When developing our .NET applications, we use to rely on web.config or appsettings.json files to store our application configuration settings and/or connection strings.

Once we deploy our application to Azure App Service (let's say a web app), we can "override" that configuration by adding appsettings and/or connection strings to the Configuration section with the same keys and different values. Since this section has precedence over the configuration files, the values in this section will be utilized.

What's the problem with this approach?

Apparently, there's no problem and if you do things correctly, there will probably never be a problem.

However, if you forget to specify a given app setting in the Configuration section or if you mispell its key, then it is the value stored in the configuration file (web.config or appsettings.json) that will be utilized instead of the one from the Configuration section.

I want a demo!

To illustrate that situation, let's assume that we have a web application that displays the value of an app setting. Nothing fancy here but it will suffice to illustrate the point.

When running the code on the local dev box, this looks like this (as you've may expected it):
running locally

Yes, I'm using Visual Studio for Mac which I like very much.
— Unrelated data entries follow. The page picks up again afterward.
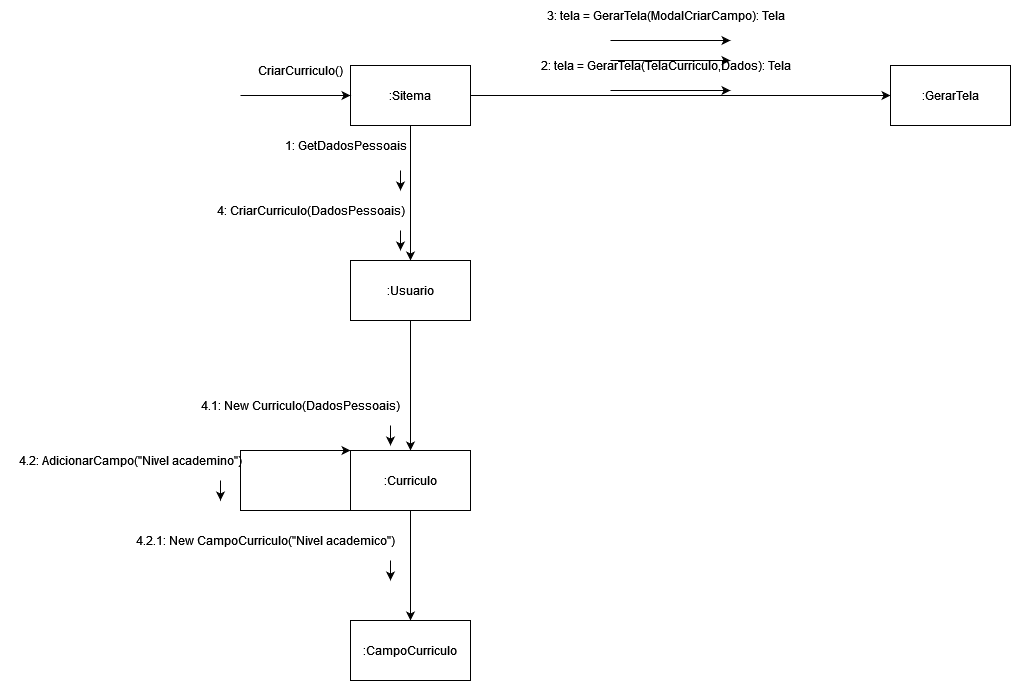

The diagram above was exported from draw.io. Its source (the exported page's mxGraphModel, read from the mxfile embedded in the PNG):
<mxGraphModel dx="1813" dy="496" grid="1" gridSize="10" guides="1" tooltips="1" connect="1" arrows="1" fold="1" page="1" pageScale="1" pageWidth="827" pageHeight="1169" math="0" shadow="0">
  <root>
    <mxCell id="0" />
    <mxCell id="1" parent="0" />
    <mxCell id="RZkS6DrV5e7grD071ZlG-2" style="edgeStyle=orthogonalEdgeStyle;rounded=0;orthogonalLoop=1;jettySize=auto;html=1;exitX=1;exitY=0.5;exitDx=0;exitDy=0;entryX=0;entryY=0.5;entryDx=0;entryDy=0;" edge="1" parent="1" source="RZkS6DrV5e7grD071ZlG-4" target="RZkS6DrV5e7grD071ZlG-7">
      <mxGeometry relative="1" as="geometry" />
    </mxCell>
    <mxCell id="RZkS6DrV5e7grD071ZlG-3" style="edgeStyle=orthogonalEdgeStyle;rounded=0;orthogonalLoop=1;jettySize=auto;html=1;exitX=0.5;exitY=1;exitDx=0;exitDy=0;entryX=0.5;entryY=0;entryDx=0;entryDy=0;" edge="1" parent="1" source="RZkS6DrV5e7grD071ZlG-4" target="RZkS6DrV5e7grD071ZlG-12">
      <mxGeometry relative="1" as="geometry" />
    </mxCell>
    <mxCell id="RZkS6DrV5e7grD071ZlG-4" value=":Sitema" style="rounded=0;whiteSpace=wrap;html=1;" vertex="1" parent="1">
      <mxGeometry x="310" y="265" width="120" height="60" as="geometry" />
    </mxCell>
    <mxCell id="RZkS6DrV5e7grD071ZlG-5" value="" style="endArrow=classic;html=1;rounded=0;entryX=0;entryY=0.5;entryDx=0;entryDy=0;" edge="1" parent="1" target="RZkS6DrV5e7grD071ZlG-4">
      <mxGeometry width="50" height="50" relative="1" as="geometry">
        <mxPoint x="200" y="295" as="sourcePoint" />
        <mxPoint x="560" y="415" as="targetPoint" />
      </mxGeometry>
    </mxCell>
    <mxCell id="RZkS6DrV5e7grD071ZlG-6" value="CriarCurriculo()" style="text;html=1;align=center;verticalAlign=middle;resizable=0;points=[];autosize=1;strokeColor=none;fillColor=none;" vertex="1" parent="1">
      <mxGeometry x="205" y="255" width="110" height="30" as="geometry" />
    </mxCell>
    <mxCell id="RZkS6DrV5e7grD071ZlG-7" value=":GerarTela" style="rounded=0;whiteSpace=wrap;html=1;" vertex="1" parent="1">
      <mxGeometry x="850" y="265" width="120" height="60" as="geometry" />
    </mxCell>
    <mxCell id="RZkS6DrV5e7grD071ZlG-8" value="" style="group" vertex="1" connectable="0" parent="1">
      <mxGeometry x="460" y="250" width="330" height="40" as="geometry" />
    </mxCell>
    <mxCell id="RZkS6DrV5e7grD071ZlG-9" value="2: tela = GerarTela(TelaCurriculo,Dados): Tela" style="text;html=1;align=center;verticalAlign=middle;resizable=0;points=[];autosize=1;strokeColor=none;fillColor=none;" vertex="1" parent="RZkS6DrV5e7grD071ZlG-8">
      <mxGeometry x="30" width="270" height="30" as="geometry" />
    </mxCell>
    <mxCell id="RZkS6DrV5e7grD071ZlG-10" value="" style="endArrow=classic;html=1;rounded=0;" edge="1" parent="RZkS6DrV5e7grD071ZlG-8">
      <mxGeometry width="50" height="50" relative="1" as="geometry">
        <mxPoint x="110" y="40" as="sourcePoint" />
        <mxPoint x="230" y="40" as="targetPoint" />
      </mxGeometry>
    </mxCell>
    <mxCell id="RZkS6DrV5e7grD071ZlG-53" style="edgeStyle=orthogonalEdgeStyle;rounded=0;orthogonalLoop=1;jettySize=auto;html=1;exitX=0.5;exitY=1;exitDx=0;exitDy=0;entryX=0.5;entryY=0;entryDx=0;entryDy=0;" edge="1" parent="1" source="RZkS6DrV5e7grD071ZlG-12" target="RZkS6DrV5e7grD071ZlG-52">
      <mxGeometry relative="1" as="geometry" />
    </mxCell>
    <mxCell id="RZkS6DrV5e7grD071ZlG-12" value=":Usuario" style="rounded=0;whiteSpace=wrap;html=1;" vertex="1" parent="1">
      <mxGeometry x="310" y="460" width="120" height="60" as="geometry" />
    </mxCell>
    <mxCell id="RZkS6DrV5e7grD071ZlG-39" value="" style="group" vertex="1" connectable="0" parent="1">
      <mxGeometry x="140" y="330" width="330" height="40" as="geometry" />
    </mxCell>
    <mxCell id="RZkS6DrV5e7grD071ZlG-40" value="1: GetDadosPessoais" style="text;html=1;align=center;verticalAlign=middle;resizable=0;points=[];autosize=1;strokeColor=none;fillColor=none;" vertex="1" parent="RZkS6DrV5e7grD071ZlG-39">
      <mxGeometry x="95" width="140" height="30" as="geometry" />
    </mxCell>
    <mxCell id="RZkS6DrV5e7grD071ZlG-41" value="" style="endArrow=classic;html=1;rounded=0;" edge="1" parent="RZkS6DrV5e7grD071ZlG-39">
      <mxGeometry width="50" height="50" relative="1" as="geometry">
        <mxPoint x="220" y="40" as="sourcePoint" />
        <mxPoint x="220" y="60" as="targetPoint" />
      </mxGeometry>
    </mxCell>
    <mxCell id="RZkS6DrV5e7grD071ZlG-45" value="" style="group" vertex="1" connectable="0" parent="1">
      <mxGeometry x="460" y="200" width="330" height="40" as="geometry" />
    </mxCell>
    <mxCell id="RZkS6DrV5e7grD071ZlG-46" value="&lt;div&gt;3: tela = GerarTela(ModalCriarCampo): Tela&lt;br&gt;&lt;/div&gt;" style="text;html=1;align=center;verticalAlign=middle;resizable=0;points=[];autosize=1;strokeColor=none;fillColor=none;" vertex="1" parent="RZkS6DrV5e7grD071ZlG-45">
      <mxGeometry x="35" width="260" height="30" as="geometry" />
    </mxCell>
    <mxCell id="RZkS6DrV5e7grD071ZlG-47" value="" style="endArrow=classic;html=1;rounded=0;" edge="1" parent="RZkS6DrV5e7grD071ZlG-45">
      <mxGeometry width="50" height="50" relative="1" as="geometry">
        <mxPoint x="110" y="40" as="sourcePoint" />
        <mxPoint x="230" y="40" as="targetPoint" />
      </mxGeometry>
    </mxCell>
    <mxCell id="RZkS6DrV5e7grD071ZlG-49" value="" style="group" vertex="1" connectable="0" parent="1">
      <mxGeometry x="140" y="390" width="330" height="40" as="geometry" />
    </mxCell>
    <mxCell id="RZkS6DrV5e7grD071ZlG-50" value="4: CriarCurriculo(DadosPessoais)" style="text;html=1;align=center;verticalAlign=middle;resizable=0;points=[];autosize=1;strokeColor=none;fillColor=none;" vertex="1" parent="RZkS6DrV5e7grD071ZlG-49">
      <mxGeometry x="30" y="5" width="200" height="30" as="geometry" />
    </mxCell>
    <mxCell id="RZkS6DrV5e7grD071ZlG-51" value="" style="endArrow=classic;html=1;rounded=0;" edge="1" parent="RZkS6DrV5e7grD071ZlG-49">
      <mxGeometry width="50" height="50" relative="1" as="geometry">
        <mxPoint x="220" y="40" as="sourcePoint" />
        <mxPoint x="220" y="60" as="targetPoint" />
      </mxGeometry>
    </mxCell>
    <mxCell id="RZkS6DrV5e7grD071ZlG-63" style="edgeStyle=orthogonalEdgeStyle;rounded=0;orthogonalLoop=1;jettySize=auto;html=1;exitX=0.5;exitY=1;exitDx=0;exitDy=0;entryX=0.5;entryY=0;entryDx=0;entryDy=0;" edge="1" parent="1" source="RZkS6DrV5e7grD071ZlG-52" target="RZkS6DrV5e7grD071ZlG-62">
      <mxGeometry relative="1" as="geometry" />
    </mxCell>
    <mxCell id="RZkS6DrV5e7grD071ZlG-52" value=":Curriculo" style="whiteSpace=wrap;html=1;" vertex="1" parent="1">
      <mxGeometry x="310" y="650" width="120" height="60" as="geometry" />
    </mxCell>
    <mxCell id="RZkS6DrV5e7grD071ZlG-54" value="" style="group" vertex="1" connectable="0" parent="1">
      <mxGeometry x="130" y="585" width="330" height="40" as="geometry" />
    </mxCell>
    <mxCell id="RZkS6DrV5e7grD071ZlG-55" value="4.1: New Curriculo(DadosPessoais)" style="text;html=1;align=center;verticalAlign=middle;resizable=0;points=[];autosize=1;strokeColor=none;fillColor=none;" vertex="1" parent="RZkS6DrV5e7grD071ZlG-54">
      <mxGeometry x="25" y="5" width="210" height="30" as="geometry" />
    </mxCell>
    <mxCell id="RZkS6DrV5e7grD071ZlG-56" value="" style="endArrow=classic;html=1;rounded=0;" edge="1" parent="RZkS6DrV5e7grD071ZlG-54">
      <mxGeometry width="50" height="50" relative="1" as="geometry">
        <mxPoint x="220" y="40" as="sourcePoint" />
        <mxPoint x="220" y="60" as="targetPoint" />
      </mxGeometry>
    </mxCell>
    <mxCell id="RZkS6DrV5e7grD071ZlG-58" value="" style="group" vertex="1" connectable="0" parent="1">
      <mxGeometry x="-40" y="640" width="330" height="40" as="geometry" />
    </mxCell>
    <mxCell id="RZkS6DrV5e7grD071ZlG-59" value="4.2: AdicionarCampo(&quot;Nivel academino&quot;)" style="text;html=1;align=center;verticalAlign=middle;resizable=0;points=[];autosize=1;strokeColor=none;fillColor=none;" vertex="1" parent="RZkS6DrV5e7grD071ZlG-58">
      <mxGeometry x="10" y="5" width="240" height="30" as="geometry" />
    </mxCell>
    <mxCell id="RZkS6DrV5e7grD071ZlG-60" value="" style="endArrow=classic;html=1;rounded=0;" edge="1" parent="RZkS6DrV5e7grD071ZlG-58">
      <mxGeometry width="50" height="50" relative="1" as="geometry">
        <mxPoint x="220" y="40" as="sourcePoint" />
        <mxPoint x="220" y="60" as="targetPoint" />
      </mxGeometry>
    </mxCell>
    <mxCell id="RZkS6DrV5e7grD071ZlG-62" value=":CampoCurriculo" style="whiteSpace=wrap;html=1;" vertex="1" parent="1">
      <mxGeometry x="310" y="820" width="120" height="60" as="geometry" />
    </mxCell>
    <mxCell id="RZkS6DrV5e7grD071ZlG-64" style="edgeStyle=orthogonalEdgeStyle;rounded=0;orthogonalLoop=1;jettySize=auto;html=1;exitX=0;exitY=1;exitDx=0;exitDy=0;entryX=0;entryY=0;entryDx=0;entryDy=0;" edge="1" parent="1" source="RZkS6DrV5e7grD071ZlG-52" target="RZkS6DrV5e7grD071ZlG-52">
      <mxGeometry relative="1" as="geometry">
        <Array as="points">
          <mxPoint x="200" y="710" />
          <mxPoint x="200" y="650" />
        </Array>
      </mxGeometry>
    </mxCell>
    <mxCell id="RZkS6DrV5e7grD071ZlG-66" value="" style="group" vertex="1" connectable="0" parent="1">
      <mxGeometry x="130" y="720" width="330" height="40" as="geometry" />
    </mxCell>
    <mxCell id="RZkS6DrV5e7grD071ZlG-67" value="4.2.1: New CampoCurriculo(&quot;Nivel academico&quot;)" style="text;html=1;align=center;verticalAlign=middle;resizable=0;points=[];autosize=1;strokeColor=none;fillColor=none;" vertex="1" parent="RZkS6DrV5e7grD071ZlG-66">
      <mxGeometry x="-45" y="5" width="280" height="30" as="geometry" />
    </mxCell>
    <mxCell id="RZkS6DrV5e7grD071ZlG-68" value="" style="endArrow=classic;html=1;rounded=0;" edge="1" parent="RZkS6DrV5e7grD071ZlG-66">
      <mxGeometry width="50" height="50" relative="1" as="geometry">
        <mxPoint x="220" y="40" as="sourcePoint" />
        <mxPoint x="220" y="60" as="targetPoint" />
      </mxGeometry>
    </mxCell>
    <mxCell id="RZkS6DrV5e7grD071ZlG-70" value="" style="group" vertex="1" connectable="0" parent="1">
      <mxGeometry x="460" y="220" width="330" height="40" as="geometry" />
    </mxCell>
    <mxCell id="RZkS6DrV5e7grD071ZlG-72" value="" style="endArrow=classic;html=1;rounded=0;" edge="1" parent="RZkS6DrV5e7grD071ZlG-70">
      <mxGeometry width="50" height="50" relative="1" as="geometry">
        <mxPoint x="110" y="40" as="sourcePoint" />
        <mxPoint x="230" y="40" as="targetPoint" />
      </mxGeometry>
    </mxCell>
  </root>
</mxGraphModel>

Now, let's deploy our web application to azure. Without any surprise, the message is still read from the appsettings.json file:
deployed to Azure

Okay. Now, let's add that app setting in the Configuration section of the web app with a different value. Then, the displayed value isn't coming from the appsettings.json file anymore but rather from the Configuration section of the web app instance:
app setting in Azure

Okay. Now comes the (not so) fun part!
If we forget to define that app setting or if we mispell it in the Configuration section of the web app instance, the value that will be shown is the one coming from the appsettings.json file (in this example, I purposingly "forgot" the H from the name of the app setting):
mispelled app setting

How can we avoid this problem?

There might be many ways to avoid such a tricky issue. The easiest one I found is to set the "Build action" property of your appsettings.*.json files to "None" and set the "Copy to Output Directory" property of these files to "Never":
set build action

The screen capture above also illustrates what the csproj will look like after updating these properties.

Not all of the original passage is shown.